# Stop Verizon Throttling! maybe...



## p2kmafia

*experienced users only!*

So idk if big red is throttling me or not because I just reflashed my phone but regardless I have done some research into the matter and found this thread http://www.droidforums.net/forum/droid-4-general-discussion/200569-how-stop-verizon-throttling-your-phone.html in it OP shows how to edit the sqlite database to allow for your phone to not be throttled (note that the top 5% data consumers per cell towe are throttled on verizon's end and is not affected by this mod)

you will need two apps

ashell and aSQLiteManager

open aShell and press the check box in the top left that says root, then go to file explorer and then /dbdata/databases/com.android.providers.settings

then click settings.db and then yes to open a copy.

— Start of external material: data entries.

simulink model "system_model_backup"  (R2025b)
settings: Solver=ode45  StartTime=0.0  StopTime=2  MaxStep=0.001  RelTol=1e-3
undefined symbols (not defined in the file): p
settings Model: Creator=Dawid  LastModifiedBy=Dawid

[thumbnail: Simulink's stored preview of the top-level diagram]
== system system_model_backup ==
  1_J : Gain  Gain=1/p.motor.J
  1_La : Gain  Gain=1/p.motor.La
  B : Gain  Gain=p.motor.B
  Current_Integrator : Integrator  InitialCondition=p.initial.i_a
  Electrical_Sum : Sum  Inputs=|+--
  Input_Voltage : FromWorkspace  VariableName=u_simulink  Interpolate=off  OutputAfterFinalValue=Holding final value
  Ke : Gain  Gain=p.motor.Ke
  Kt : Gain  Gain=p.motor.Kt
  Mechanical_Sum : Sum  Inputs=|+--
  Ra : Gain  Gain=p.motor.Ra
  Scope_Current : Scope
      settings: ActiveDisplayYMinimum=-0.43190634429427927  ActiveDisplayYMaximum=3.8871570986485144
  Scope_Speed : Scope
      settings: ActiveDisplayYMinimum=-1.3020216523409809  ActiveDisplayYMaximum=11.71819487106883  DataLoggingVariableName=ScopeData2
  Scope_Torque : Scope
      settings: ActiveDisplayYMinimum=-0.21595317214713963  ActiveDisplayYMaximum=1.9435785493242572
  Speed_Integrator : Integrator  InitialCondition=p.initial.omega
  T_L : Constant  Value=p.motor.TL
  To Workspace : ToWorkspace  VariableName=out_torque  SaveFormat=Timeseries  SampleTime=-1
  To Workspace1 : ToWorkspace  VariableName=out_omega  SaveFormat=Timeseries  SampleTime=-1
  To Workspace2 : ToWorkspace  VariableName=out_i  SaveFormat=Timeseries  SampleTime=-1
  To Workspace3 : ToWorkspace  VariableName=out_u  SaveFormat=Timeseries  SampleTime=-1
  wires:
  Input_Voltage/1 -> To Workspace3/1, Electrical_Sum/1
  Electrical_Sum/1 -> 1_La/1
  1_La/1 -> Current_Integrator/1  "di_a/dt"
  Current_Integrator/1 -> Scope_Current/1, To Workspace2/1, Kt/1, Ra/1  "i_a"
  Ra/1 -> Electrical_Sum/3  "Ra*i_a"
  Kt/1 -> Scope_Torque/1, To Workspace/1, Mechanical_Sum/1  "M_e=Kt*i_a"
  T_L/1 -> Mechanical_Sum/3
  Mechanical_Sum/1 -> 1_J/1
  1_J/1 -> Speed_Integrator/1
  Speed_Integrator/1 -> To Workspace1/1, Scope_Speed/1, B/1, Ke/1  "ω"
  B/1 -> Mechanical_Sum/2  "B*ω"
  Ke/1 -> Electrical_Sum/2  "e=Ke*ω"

click secure > data and you should have a big blue list of stuffclick pgdn and on line 29 you should see throttle_reset_day
click the edit on the far left of that line and change the 18 to a 1

*now I'm assuming this means instead of counting how much data you use over the course of 18 days it is over 1 day so you would have to exceed their limit within one day. in the original OP there are other settings to make you never throttle but I cannot find these settings. help me find them and this will be awesome but for noww this should work for you guys.*

*I'm not responsible for anything being messed up and again...*
*experienced users only!*

*p2k*


----------



## dSlice

Cool beans! Thanks!

- dSlice

Droid Charge powered by Stockish FP5 ;-)


----------



## babyjake

whats this mean exactly

NM I read it on the other forum post.


----------



## Loustsoul

dSlice said:


> Cool beans! Thanks!
> 
> - dSlice
> 
> Droid Charge powered by Stockish FP5 ;-)


have you ever heard of this?

Droid Charge Tweaked 3.0 FP5


----------



## dSlice

Loustsoul said:


> have you ever heard of this?
> 
> Droid Charge Tweaked 3.0 FP5


In ISPs yes. Wireless no, but I don't doubt that they do. I'm going to try it out.

- dSlice

Droid Charge powered by Stockish FP5 ;-)


----------



## Loustsoul

dSlice said:


> In ISPs yes. Wireless no, but I don't doubt that they do. I'm going to try it out.
> 
> - dSlice
> 
> Droid Charge powered by Stockish FP5 ;-)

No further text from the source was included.